KETIK, PROBOLINGGO – Lahan Pelabuhan Perikanan Pantai (PPP) Mayangan, di Kota Probolinggo, ternyata belum bersertifikat.
Sementara, aktivitas bisnis di pelabuhan milik Pemerintah Provinsi Jawa Timur, tersebut telah berlangsung sejak tahun 2007.
Fakta tersebut dibenarkan Kepala Syahbandar PPP Mayangan, Nonot Wijayanto. Ia menyebutkan, upaya pengurusan sertifikat lahan telah dilakukan Dinas Perikanan dan Kelautan Provinsi Jawa Timur, sejak 2007.
Atau persisnya saat era Gubernur Jawa Timur, Imam Utomo. Namun sayang hingga kini sertifikat tersebut belum juga terbit.
“Kami di sini hanya bawahan. Diperintah mengoperasikan PPP Mayangan, ya kami siap saja. Perkara pelabuhan ini nanti ditutup sementara dan boleh beroperasi kembali setelah sertifikat terbit, ya kami juga siap,” ujar Nonot.
Sementara terkait kegiatan ekonomi di PPP Mayangan, lanjut Nonot, Pemprov Jatim, bahkan pada tahun 2024, menargetkan Pendapatan Asli Daerah (PAD) hingga Rp 5,1 miliar.
Ketiadaan sertifikat, jelas berdampak terhadap belum terbitnya Hak Pengelolaan Lahan (HPL). Padahal, HPL merupakan syarat utama dalam pemanfaatan seluruh area pelabuhan secara legal.
Nonot, juga tidak menampik, hingga saat ini PPP Mayangan, belum memiliki HPL.
Ia menjelaskan, operasional dan berbagai kegiatan usaha berlangsung selama ini hanya berlandaskan pada kebijakan kepala daerah.
“Sementara kami mengoperasikan PPP Mayangan, berbekal rekomendasi. Ada yang dari wali kota, ada yang dari gubernur, lalu kami tindak lanjuti ke kementerian,” jelasnya.
Ia menambahkan, pendanaan operasional PPP Mayangan selama ini bersumber dari Anggaran Pendapatan dan Belanja Daerah (APBD) serta Anggaran Pendapatan dan Belanja Negara (APBN).
Sumber ketik.com di kementerian perhubungan Jakarta, enggan disebut namanya mengatakan, bisnis di kawasan pelabuhan relevan dengan UU No. 17 Tahun 2008 tentang Pelayaran.
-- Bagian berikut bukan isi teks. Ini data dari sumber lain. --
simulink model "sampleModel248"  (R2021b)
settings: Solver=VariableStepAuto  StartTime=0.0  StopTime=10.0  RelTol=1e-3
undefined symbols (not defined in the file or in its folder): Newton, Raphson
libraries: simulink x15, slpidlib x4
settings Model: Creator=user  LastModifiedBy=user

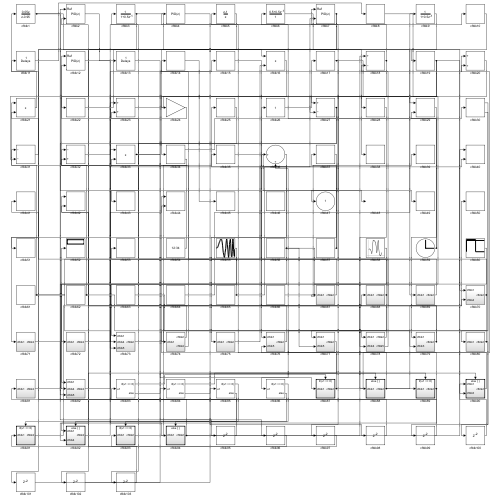
[thumbnail: Simulink's stored preview of the top-level diagram]
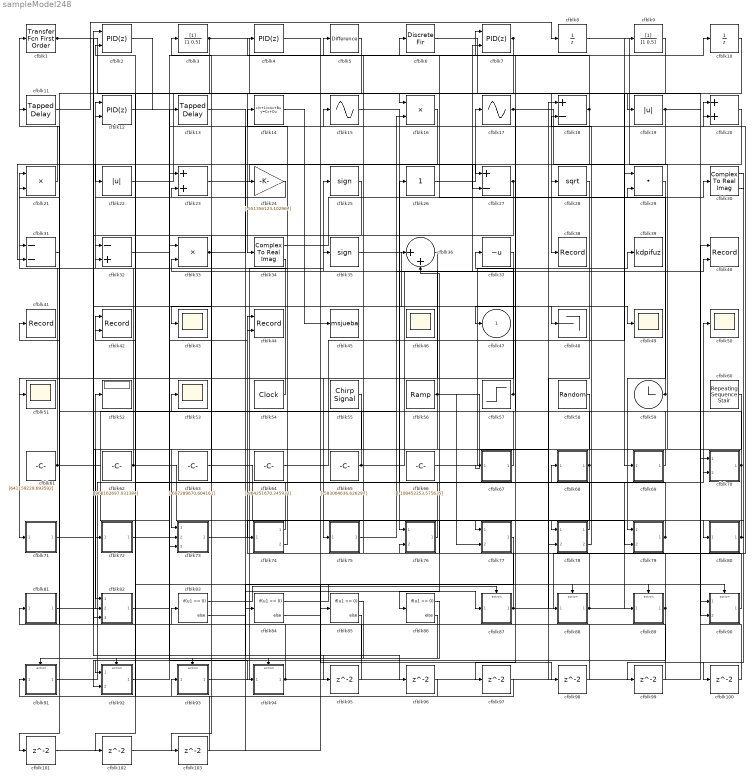
== system sampleModel248 ==
  cfblk1 : simulink/Discrete/Transfer Fcn First Order  PoleZ=0.95  ICPrevOutput=0.0  DoSatur=off
  cfblk10 : UnitDelay  HasFrameUpgradeWarning=on
  cfblk{95..103} (9 alike) : Delay  SampleTime=1
  cfblk11 : simulink/Discrete/Tapped Delay  vinit=0.0  samptime=-1  NumDelays=1  DelayOrder=Oldest  includeCurrent=off
  cfblk12 : slpidlib/PID Controller (2DOF)  Controller=PID  Form=Parallel  TimeDomain=Discrete-time  UseExternalTs=off  SampleTime=1  IntegratorMethod=Forward Euler  FilterMethod=Forward Euler  ControllerParametersSource=internal  P=1  I=1  D=0  UseFilter=on  N=100  b=1  c=1  TunerSelectOption=Transfer Function Based (PID Tuner App)  InitialConditionSource=internal  InitialConditionForIntegrator=0  InitialConditionForFilter=0  DifferentiatorICPrevScaledInput=0  ExternalReset=none  TrackingMode=off  Kt=1  LimitOutput=off  SatLimitsSource=internal  UpperSaturationLimit=inf  LowerSaturationLimit=-inf  LinearizeAsGain=off  AntiWindupMode=none  Kb=1  POutMin=[]  POutMax=[]  IOutMin=[]  IOutMax=[]  DOutMin=[]  DOutMax=[]  NOutMin=[]  NOutMax=[]  bOutMin=[]  bOutMax=[]  cOutMin=[]  cOutMax=[]  SumOutMin=[]  SumOutMax=[]  SaturationOutMin=[]  SaturationOutMax=[]  PParamMin=[]  PParamMax=[]  IParamMin=[]  IParamMax=[]  DParamMin=[]  DParamMax=[]  NParamMin=[]  NParamMax=[]  bParamMin=[]  bParamMax=[]  cParamMin=[]  cParamMax=[]  KbParamMin=[]  KbParamMax=[]  KtParamMin=[]  KtParamMax=[]  KbOutMin=[]  KbOutMax=[]  KtOutMin=[]  KtOutMax=[]  IntegratorOutMin=[]  IntegratorOutMax=[]  FilterOutMin=[]  FilterOutMax=[]  SumI1OutMin=[]  SumI1OutMax=[]  SumI2OutMin=[]  SumI2OutMax=[]  SumI3OutMin=[]  SumI3OutMax=[]  SumI4OutMin=[]  SumI4OutMax=[]  SumDOutMin=[]  SumDOutMax=[]  Sum1OutMin=[]  Sum1OutMax=[]  Sum2OutMin=[]  Sum2OutMax=[]  Sum3OutMin=[]  Sum3OutMax=[]  DifferentiatorOutMin=[]  DifferentiatorOutMax=[]  FilterDiffOutCoefMin=[]  FilterDiffOutCoefMax=[]  ReciprocalOutMin=[]  ReciprocalOutMax=[]  SumDenOutMin=[]  SumDenOutMax=[]  SumNumOutMin=[]  SumNumOutMax=[]  DivideOutMin=[]  DivideOutMax=[]  UdiffTsProdOutMin=[]  UdiffTsProdOutMax=[]  NTsProdOutMin=[]  NTsProdOutMax=[]  UintegralTsProdOutMin=[]  UintegralTsProdOutMax=[]  UngainTsProdOutMin=[]  UngainTsProdOutMax=[]  IntegratorContinuousStateAttributes=''  IntegratorStateMustResolveToSignalObject=off  IntegratorRTWStateStorageClass=Auto  FilterContinuousStateAttributes=''  FilterStateMustResolveToSignalObject=off  FilterRTWStateStorageClass=Auto  ParallelPVariant=InternalParameters  IdealPVariant=Disabled  IVariant=InternalParameters  DVariant=InternalParameters  bVariant=InternalParameters  cVariant=InternalParameters  IntegratorVariant=Discrete  SatVariant=Disabled  AWVariant=Passthrough  PCopyVariant=Disabled  TRVariant=Disabled  FdbkBlocksVariant=Forward  IdealPFdbkVariant=Disabled  SatFdbkVariant=Disabled  DerivativeFilterVariant=ForwardEulerFilter  NVariant=InternalParameters  NCopyVariant=Disabled  FilterICVariant=InternalICsFilter  IntegratorICVariant=InternalICs  ExternalResetVariant=Disabled  TRSumVariant=Passthrough  SumFdbkVariant=Disabled  SumVariant=Sum_PID  TsampFilterVariant=InternalTs  TsampNgainVariant=Passthrough  TsampIntegralVariant=Passthrough  ExternalSaturationOutDataTypeStr=Inherit: Same as second input
      settings: SourceProductBaseCode=SL
  cfblk13 : simulink/Discrete/Tapped Delay  vinit=0.0  samptime=-1  NumDelays=1  DelayOrder=Oldest  includeCurrent=off
  cfblk14 : DiscreteStateSpace
  cfblk15 : Sin  TimeSource=Use external signal  SampleTime=0
  cfblk16 : Product  Inputs=**
  cfblk17 : Sin  TimeSource=Use external signal  SampleTime=0
  cfblk18 : Sum  Inputs=+-
  cfblk19 : Abs
  cfblk2 : slpidlib/PID Controller (2DOF)  Controller=PID  Form=Parallel  TimeDomain=Discrete-time  UseExternalTs=off  SampleTime=1  IntegratorMethod=Forward Euler  FilterMethod=Forward Euler  ControllerParametersSource=internal  P=1  I=1  D=0  UseFilter=on  N=100  b=1  c=1  TunerSelectOption=Transfer Function Based (PID Tuner App)  InitialConditionSource=internal  InitialConditionForIntegrator=0  InitialConditionForFilter=0  DifferentiatorICPrevScaledInput=0  ExternalReset=none  TrackingMode=off  Kt=1  LimitOutput=off  SatLimitsSource=internal  UpperSaturationLimit=inf  LowerSaturationLimit=-inf  LinearizeAsGain=off  AntiWindupMode=none  Kb=1  POutMin=[]  POutMax=[]  IOutMin=[]  IOutMax=[]  DOutMin=[]  DOutMax=[]  NOutMin=[]  NOutMax=[]  bOutMin=[]  bOutMax=[]  cOutMin=[]  cOutMax=[]  SumOutMin=[]  SumOutMax=[]  SaturationOutMin=[]  SaturationOutMax=[]  PParamMin=[]  PParamMax=[]  IParamMin=[]  IParamMax=[]  DParamMin=[]  DParamMax=[]  NParamMin=[]  NParamMax=[]  bParamMin=[]  bParamMax=[]  cParamMin=[]  cParamMax=[]  KbParamMin=[]  KbParamMax=[]  KtParamMin=[]  KtParamMax=[]  KbOutMin=[]  KbOutMax=[]  KtOutMin=[]  KtOutMax=[]  IntegratorOutMin=[]  IntegratorOutMax=[]  FilterOutMin=[]  FilterOutMax=[]  SumI1OutMin=[]  SumI1OutMax=[]  SumI2OutMin=[]  SumI2OutMax=[]  SumI3OutMin=[]  SumI3OutMax=[]  SumI4OutMin=[]  SumI4OutMax=[]  SumDOutMin=[]  SumDOutMax=[]  Sum1OutMin=[]  Sum1OutMax=[]  Sum2OutMin=[]  Sum2OutMax=[]  Sum3OutMin=[]  Sum3OutMax=[]  DifferentiatorOutMin=[]  DifferentiatorOutMax=[]  FilterDiffOutCoefMin=[]  FilterDiffOutCoefMax=[]  ReciprocalOutMin=[]  ReciprocalOutMax=[]  SumDenOutMin=[]  SumDenOutMax=[]  SumNumOutMin=[]  SumNumOutMax=[]  DivideOutMin=[]  DivideOutMax=[]  UdiffTsProdOutMin=[]  UdiffTsProdOutMax=[]  NTsProdOutMin=[]  NTsProdOutMax=[]  UintegralTsProdOutMin=[]  UintegralTsProdOutMax=[]  UngainTsProdOutMin=[]  UngainTsProdOutMax=[]  IntegratorContinuousStateAttributes=''  IntegratorStateMustResolveToSignalObject=off  IntegratorRTWStateStorageClass=Auto  FilterContinuousStateAttributes=''  FilterStateMustResolveToSignalObject=off  FilterRTWStateStorageClass=Auto  ParallelPVariant=InternalParameters  IdealPVariant=Disabled  IVariant=InternalParameters  DVariant=InternalParameters  bVariant=InternalParameters  cVariant=InternalParameters  IntegratorVariant=Discrete  SatVariant=Disabled  AWVariant=Passthrough  PCopyVariant=Disabled  TRVariant=Disabled  FdbkBlocksVariant=Forward  IdealPFdbkVariant=Disabled  SatFdbkVariant=Disabled  DerivativeFilterVariant=ForwardEulerFilter  NVariant=InternalParameters  NCopyVariant=Disabled  FilterICVariant=InternalICsFilter  IntegratorICVariant=InternalICs  ExternalResetVariant=Disabled  TRSumVariant=Passthrough  SumFdbkVariant=Disabled  SumVariant=Sum_PID  TsampFilterVariant=InternalTs  TsampNgainVariant=Passthrough  TsampIntegralVariant=Passthrough  ExternalSaturationOutDataTypeStr=Inherit: Same as second input
      settings: SourceProductBaseCode=SL
  cfblk20 : Sum
  cfblk21 : Product
  cfblk22 : Abs
  cfblk23 : Sum
  cfblk24 : Gain  Gain=[-551356123.102967]
  cfblk25 : Signum
  cfblk26 : simulink/Math Operations/Slider Gain  gain=1  low=0  high=2
  cfblk27 : Sum  Inputs=+-
  cfblk28 : Sqrt  SaturateOnIntegerOverflow=on
  cfblk29 : DotProduct  InputSameDT=on  OutDataTypeStr=Inherit: Inherit via internal rule
  cfblk3 : DiscreteFilter  SampleTime=1
  cfblk30 : ComplexToRealImag
  cfblk31 : Sum  Inputs=--
  cfblk32 : Sum  Inputs=-+
  cfblk33 : Product  Inputs=**
  cfblk34 : ComplexToRealImag
  cfblk35 : Signum
  cfblk36 : Sum  Inputs=|++
  cfblk37 : UnaryMinus
  cfblk38 : Record  FileSettingsInternal="{\"entries\":[{\"content\":{\"excelSettings\":{\"content\":{},\"type\":\"Streamout.ExcelSettings\"}},\"type\":\"Streamout.FileSettingStorage\",\"uuid\":\"4657b973-2eff-446c-9fb0-9f6287b31807\"}],\"packageUris\":[\"http://schema.mathworks.com/mf0/streamout_blocks/R2020a\"],\"version\":\"1.0\"}"  SignalsInternal="{\"entries\":[{\"content\":{\"signals\":[{\"content\":{\"blockPath\":[\"sampleModel248/cfblk38\"],\"channel\":[],\"dimensions\":[1],\"domain\":\"sampleModel248/cfblk38\",\"lineColor\":\"#ff13a6\",\"plots\":[1],\"port\":1,\"sid\":[\"\"],\"signalID\":9988,\"signalName\":\"cfblk1\"},\"type\":\"RecordBlkView.Signal\",\"uuid\":\"57bce957-2fdd-423c-8d0d-79339184f327\"}]},\"type\":\"RecordBlkView.InputSignals\",\"uuid\":\"285c4055-8f1f-46df-a613-131e11705366\"}],\"packageUris\":[\"http://schema.mathworks.com/mf0/streamout_blocks/R2020a\"],\"version\":\"1.0\"}"  VisualizationBindings="{\"sparklinesplugin\":{\"info\":[{\"bindingParametersList\":[],\"subplotID\":1}]}}"
  cfblk39 : ToWorkspace  VariableName=kdpifuz  SaveFormat=Timeseries  SampleTime=-1
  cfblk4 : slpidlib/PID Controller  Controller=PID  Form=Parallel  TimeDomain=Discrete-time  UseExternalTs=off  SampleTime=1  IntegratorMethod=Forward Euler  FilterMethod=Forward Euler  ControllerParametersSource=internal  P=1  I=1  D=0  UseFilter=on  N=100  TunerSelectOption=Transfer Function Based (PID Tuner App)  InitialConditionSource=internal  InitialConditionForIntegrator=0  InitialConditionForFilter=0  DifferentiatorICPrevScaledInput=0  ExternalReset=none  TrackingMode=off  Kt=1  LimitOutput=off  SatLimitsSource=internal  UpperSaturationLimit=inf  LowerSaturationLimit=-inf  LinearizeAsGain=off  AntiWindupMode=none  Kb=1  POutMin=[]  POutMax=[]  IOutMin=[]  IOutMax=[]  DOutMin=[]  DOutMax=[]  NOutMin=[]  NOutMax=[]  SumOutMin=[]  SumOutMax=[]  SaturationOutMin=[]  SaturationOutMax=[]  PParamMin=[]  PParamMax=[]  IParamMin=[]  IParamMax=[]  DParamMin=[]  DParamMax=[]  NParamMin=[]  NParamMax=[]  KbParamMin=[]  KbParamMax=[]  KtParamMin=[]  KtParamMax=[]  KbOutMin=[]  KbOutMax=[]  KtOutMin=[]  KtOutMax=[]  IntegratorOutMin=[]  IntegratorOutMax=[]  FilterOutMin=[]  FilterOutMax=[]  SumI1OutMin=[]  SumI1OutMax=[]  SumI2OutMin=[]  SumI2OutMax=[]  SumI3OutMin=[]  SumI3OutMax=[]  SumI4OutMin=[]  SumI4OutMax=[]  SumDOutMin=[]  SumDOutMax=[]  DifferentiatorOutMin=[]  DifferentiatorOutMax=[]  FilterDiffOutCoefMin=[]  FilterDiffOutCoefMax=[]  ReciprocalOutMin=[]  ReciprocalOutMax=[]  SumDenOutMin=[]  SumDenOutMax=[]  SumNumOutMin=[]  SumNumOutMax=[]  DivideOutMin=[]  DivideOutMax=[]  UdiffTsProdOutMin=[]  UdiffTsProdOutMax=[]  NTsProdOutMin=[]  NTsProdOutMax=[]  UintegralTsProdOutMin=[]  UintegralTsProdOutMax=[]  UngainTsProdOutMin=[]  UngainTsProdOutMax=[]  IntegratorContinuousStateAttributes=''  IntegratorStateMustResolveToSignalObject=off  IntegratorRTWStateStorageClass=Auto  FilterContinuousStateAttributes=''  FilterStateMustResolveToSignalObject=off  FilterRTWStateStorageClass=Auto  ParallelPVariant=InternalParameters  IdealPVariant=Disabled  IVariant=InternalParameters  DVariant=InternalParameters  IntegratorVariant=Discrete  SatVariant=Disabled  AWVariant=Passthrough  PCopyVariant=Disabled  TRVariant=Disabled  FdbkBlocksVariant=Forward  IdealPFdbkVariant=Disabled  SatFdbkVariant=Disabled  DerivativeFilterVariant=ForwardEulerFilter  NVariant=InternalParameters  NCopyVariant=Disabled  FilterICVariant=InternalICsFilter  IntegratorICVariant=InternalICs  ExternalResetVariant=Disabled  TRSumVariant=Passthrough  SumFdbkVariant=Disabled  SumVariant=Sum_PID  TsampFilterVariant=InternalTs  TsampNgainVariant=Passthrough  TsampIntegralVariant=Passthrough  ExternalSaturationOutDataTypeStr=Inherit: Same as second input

“Relevansi paling utama, UU ini menegaskan jika pelabuhan adalah kawasan tertentu dengan batas yang jelas. Pemanfaatan dan pengusahaan pelabuhan harus berbasis hak penguasaan wilayah yang sah,” katanya, dihubungi Jumat 19 Desember 2025.
Masih kata sumber dimaksud. Ada beberapa pasal kunci pada UU No 17 tahun 2008.
Yakni Pasal 1 angka 14 dan 15. Dimana pelabuhan dan kepelabuhanan mencakup wilayah daratan dan perairan.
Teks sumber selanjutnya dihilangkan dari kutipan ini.